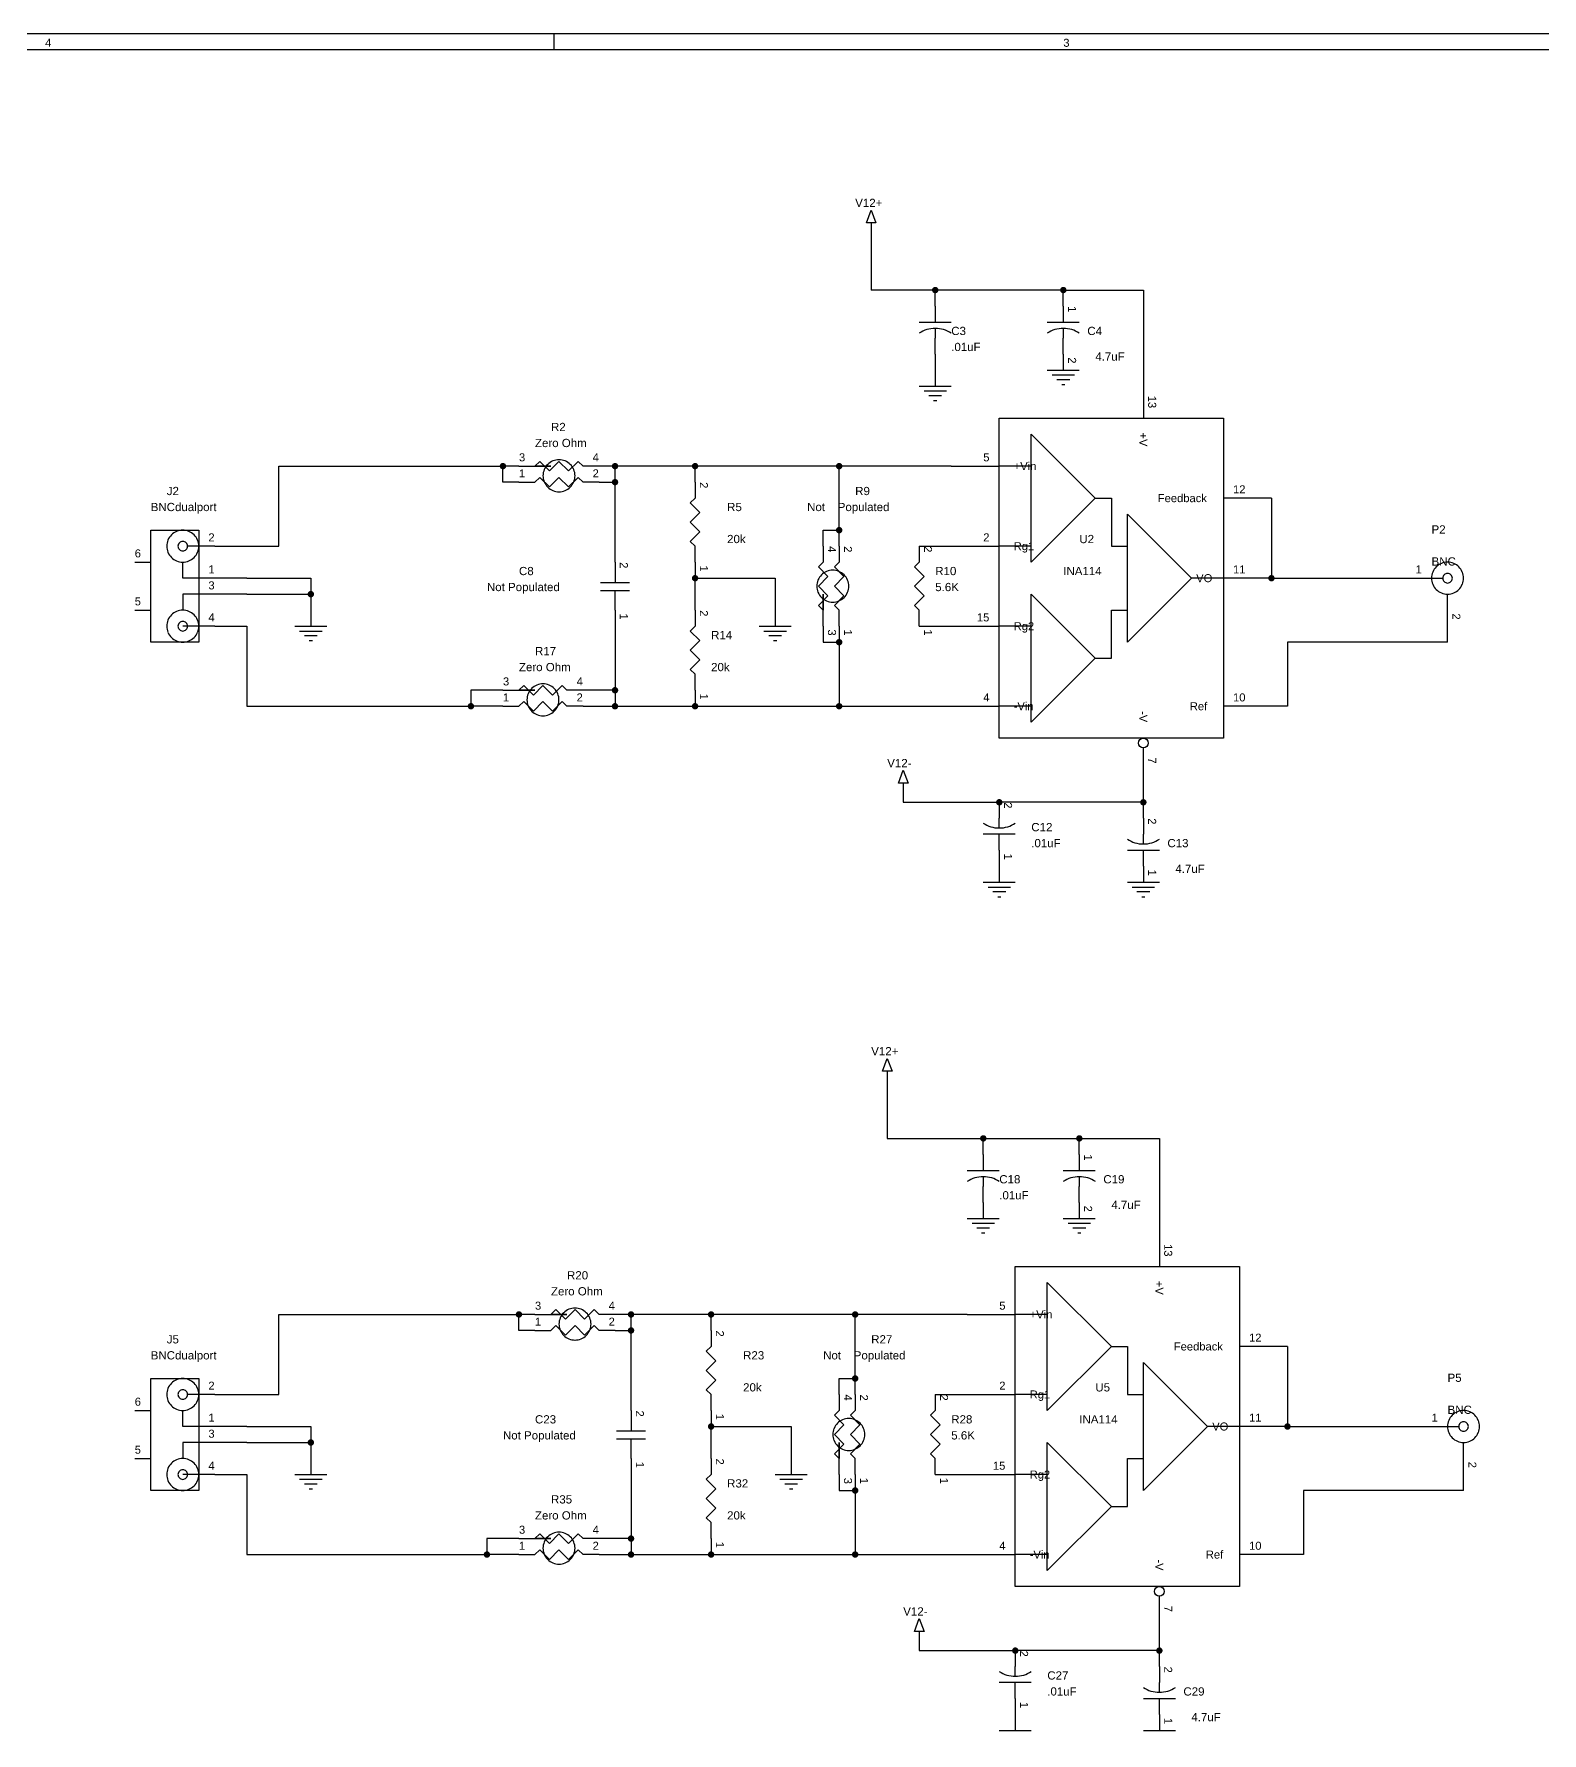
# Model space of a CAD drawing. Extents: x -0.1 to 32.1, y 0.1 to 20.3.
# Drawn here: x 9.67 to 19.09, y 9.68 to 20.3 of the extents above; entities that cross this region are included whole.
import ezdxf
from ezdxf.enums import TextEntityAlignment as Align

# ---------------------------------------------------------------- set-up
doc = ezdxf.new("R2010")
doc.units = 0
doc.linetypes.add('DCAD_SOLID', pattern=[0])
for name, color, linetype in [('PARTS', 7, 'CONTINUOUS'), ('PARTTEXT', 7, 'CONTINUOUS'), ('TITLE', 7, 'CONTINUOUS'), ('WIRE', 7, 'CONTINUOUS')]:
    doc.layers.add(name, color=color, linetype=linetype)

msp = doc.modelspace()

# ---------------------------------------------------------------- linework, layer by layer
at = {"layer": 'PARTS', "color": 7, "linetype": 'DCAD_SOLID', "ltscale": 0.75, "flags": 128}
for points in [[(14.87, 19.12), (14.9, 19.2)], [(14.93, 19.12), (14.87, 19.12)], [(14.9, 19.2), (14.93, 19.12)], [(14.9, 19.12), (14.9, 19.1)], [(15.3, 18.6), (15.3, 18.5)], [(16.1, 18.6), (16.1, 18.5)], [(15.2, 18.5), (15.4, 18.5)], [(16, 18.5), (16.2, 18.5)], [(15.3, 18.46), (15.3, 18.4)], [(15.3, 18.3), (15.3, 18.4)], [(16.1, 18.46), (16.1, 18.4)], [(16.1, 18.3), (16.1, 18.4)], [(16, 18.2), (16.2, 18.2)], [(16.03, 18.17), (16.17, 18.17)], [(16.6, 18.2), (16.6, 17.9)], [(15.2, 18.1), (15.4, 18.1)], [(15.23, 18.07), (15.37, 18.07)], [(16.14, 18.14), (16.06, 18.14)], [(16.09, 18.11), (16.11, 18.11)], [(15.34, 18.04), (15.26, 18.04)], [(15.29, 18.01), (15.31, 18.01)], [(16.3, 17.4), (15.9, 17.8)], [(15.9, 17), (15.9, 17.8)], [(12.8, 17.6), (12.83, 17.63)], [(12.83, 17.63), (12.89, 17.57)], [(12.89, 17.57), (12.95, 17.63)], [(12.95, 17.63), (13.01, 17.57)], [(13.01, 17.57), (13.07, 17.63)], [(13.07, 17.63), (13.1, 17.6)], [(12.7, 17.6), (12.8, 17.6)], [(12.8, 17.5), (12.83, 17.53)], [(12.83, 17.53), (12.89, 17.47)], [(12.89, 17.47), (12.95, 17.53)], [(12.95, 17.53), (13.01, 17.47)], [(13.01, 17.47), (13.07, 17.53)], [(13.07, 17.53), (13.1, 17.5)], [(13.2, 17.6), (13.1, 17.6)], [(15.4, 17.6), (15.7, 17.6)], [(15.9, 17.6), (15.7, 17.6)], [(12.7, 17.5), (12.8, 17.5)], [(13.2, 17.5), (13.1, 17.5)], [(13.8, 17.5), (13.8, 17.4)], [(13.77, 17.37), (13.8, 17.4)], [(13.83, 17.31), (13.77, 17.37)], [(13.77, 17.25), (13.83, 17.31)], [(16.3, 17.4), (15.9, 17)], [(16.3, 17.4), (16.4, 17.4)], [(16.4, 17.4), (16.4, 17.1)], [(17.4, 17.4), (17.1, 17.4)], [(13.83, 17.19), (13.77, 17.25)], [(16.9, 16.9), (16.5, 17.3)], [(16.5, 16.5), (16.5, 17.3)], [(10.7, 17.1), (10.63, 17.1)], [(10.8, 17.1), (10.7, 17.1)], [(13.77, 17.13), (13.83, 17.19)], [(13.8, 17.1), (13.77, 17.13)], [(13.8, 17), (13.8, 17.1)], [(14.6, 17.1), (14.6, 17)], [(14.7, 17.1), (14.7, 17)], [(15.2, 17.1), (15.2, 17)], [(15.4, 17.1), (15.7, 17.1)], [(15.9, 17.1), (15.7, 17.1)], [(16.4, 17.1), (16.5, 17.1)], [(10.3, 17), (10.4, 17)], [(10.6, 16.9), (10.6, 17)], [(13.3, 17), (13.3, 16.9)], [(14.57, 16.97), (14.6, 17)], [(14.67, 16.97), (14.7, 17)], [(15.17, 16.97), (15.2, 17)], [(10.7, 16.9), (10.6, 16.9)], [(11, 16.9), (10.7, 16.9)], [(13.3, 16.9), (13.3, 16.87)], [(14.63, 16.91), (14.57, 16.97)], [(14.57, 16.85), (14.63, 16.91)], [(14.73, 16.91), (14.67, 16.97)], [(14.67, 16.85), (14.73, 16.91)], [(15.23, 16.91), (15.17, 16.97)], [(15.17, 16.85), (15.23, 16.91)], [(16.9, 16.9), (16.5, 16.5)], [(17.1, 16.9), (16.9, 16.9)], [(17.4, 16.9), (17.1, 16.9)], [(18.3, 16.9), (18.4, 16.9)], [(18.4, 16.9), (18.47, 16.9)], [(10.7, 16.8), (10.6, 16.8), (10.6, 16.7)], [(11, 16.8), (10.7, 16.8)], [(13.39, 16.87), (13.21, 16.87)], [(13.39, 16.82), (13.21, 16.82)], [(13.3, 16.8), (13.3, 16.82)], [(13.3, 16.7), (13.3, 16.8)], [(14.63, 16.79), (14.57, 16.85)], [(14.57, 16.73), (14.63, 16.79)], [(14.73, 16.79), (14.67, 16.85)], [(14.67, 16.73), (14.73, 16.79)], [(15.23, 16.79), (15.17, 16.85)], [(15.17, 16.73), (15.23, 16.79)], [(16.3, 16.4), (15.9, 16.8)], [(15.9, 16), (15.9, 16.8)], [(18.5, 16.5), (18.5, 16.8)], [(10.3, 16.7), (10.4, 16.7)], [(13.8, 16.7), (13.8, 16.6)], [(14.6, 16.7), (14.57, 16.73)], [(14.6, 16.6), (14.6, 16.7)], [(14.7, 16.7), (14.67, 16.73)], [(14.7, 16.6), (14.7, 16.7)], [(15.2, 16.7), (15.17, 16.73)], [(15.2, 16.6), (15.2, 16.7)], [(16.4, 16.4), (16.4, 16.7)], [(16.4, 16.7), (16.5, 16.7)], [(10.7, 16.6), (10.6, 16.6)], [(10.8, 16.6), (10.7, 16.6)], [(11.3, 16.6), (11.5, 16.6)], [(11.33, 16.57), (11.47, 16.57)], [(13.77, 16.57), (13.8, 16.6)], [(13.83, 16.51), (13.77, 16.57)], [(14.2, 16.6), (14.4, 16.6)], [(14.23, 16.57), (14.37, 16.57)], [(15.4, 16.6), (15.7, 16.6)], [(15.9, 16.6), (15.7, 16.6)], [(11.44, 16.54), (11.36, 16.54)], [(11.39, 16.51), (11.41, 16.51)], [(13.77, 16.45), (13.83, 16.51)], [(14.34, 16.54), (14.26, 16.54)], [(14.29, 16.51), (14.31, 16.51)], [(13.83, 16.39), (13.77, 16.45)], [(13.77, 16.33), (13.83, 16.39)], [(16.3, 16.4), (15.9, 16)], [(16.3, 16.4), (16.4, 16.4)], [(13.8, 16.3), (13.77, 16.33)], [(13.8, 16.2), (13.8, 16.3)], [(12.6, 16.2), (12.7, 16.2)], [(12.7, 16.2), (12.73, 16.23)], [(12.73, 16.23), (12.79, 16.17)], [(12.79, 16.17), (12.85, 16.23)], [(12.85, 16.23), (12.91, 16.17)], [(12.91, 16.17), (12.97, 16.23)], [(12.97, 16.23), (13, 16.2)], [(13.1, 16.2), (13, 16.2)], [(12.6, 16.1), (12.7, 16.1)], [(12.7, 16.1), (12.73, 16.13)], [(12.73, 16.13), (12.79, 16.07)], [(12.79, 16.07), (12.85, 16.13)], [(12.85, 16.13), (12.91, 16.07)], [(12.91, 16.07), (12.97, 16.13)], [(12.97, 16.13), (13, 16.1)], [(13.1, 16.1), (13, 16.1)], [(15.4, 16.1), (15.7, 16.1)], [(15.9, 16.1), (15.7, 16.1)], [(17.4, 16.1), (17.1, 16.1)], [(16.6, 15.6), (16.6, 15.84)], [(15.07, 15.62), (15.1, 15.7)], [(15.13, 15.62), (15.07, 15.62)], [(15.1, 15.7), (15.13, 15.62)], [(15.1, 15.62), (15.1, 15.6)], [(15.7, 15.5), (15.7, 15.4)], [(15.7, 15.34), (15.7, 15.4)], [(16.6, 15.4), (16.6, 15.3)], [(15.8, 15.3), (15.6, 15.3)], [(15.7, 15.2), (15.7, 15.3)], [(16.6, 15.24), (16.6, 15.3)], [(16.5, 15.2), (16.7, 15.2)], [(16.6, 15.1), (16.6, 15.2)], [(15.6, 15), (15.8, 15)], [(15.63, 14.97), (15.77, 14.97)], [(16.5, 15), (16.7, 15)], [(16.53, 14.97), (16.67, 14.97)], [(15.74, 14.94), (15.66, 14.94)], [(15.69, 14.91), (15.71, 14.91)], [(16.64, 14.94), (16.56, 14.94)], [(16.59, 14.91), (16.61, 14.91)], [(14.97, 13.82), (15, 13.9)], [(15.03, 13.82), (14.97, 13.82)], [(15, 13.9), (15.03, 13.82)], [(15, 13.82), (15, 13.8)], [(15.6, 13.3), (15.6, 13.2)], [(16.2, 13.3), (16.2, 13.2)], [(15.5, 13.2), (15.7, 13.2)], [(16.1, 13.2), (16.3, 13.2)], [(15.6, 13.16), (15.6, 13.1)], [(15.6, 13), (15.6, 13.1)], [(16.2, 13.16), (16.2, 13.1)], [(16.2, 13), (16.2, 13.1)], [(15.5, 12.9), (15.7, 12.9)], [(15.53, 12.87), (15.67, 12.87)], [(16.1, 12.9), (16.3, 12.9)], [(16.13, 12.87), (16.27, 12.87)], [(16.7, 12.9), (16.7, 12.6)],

# [About this task]
Using the data above, reproduce exactly the lines between those holding "doc.units = 0" and "msp = doc.modelspace()", inclusive, and no others.

# [Solution to this task]
doc.units = 0
doc.linetypes.add('DCAD_SOLID', pattern=[0])
for name, color, linetype in [('PARTS', 7, 'CONTINUOUS'), ('PARTTEXT', 7, 'CONTINUOUS'), ('TITLE', 7, 'CONTINUOUS'), ('WIRE', 7, 'CONTINUOUS')]:
    doc.layers.add(name, color=color, linetype=linetype)

msp = doc.modelspace()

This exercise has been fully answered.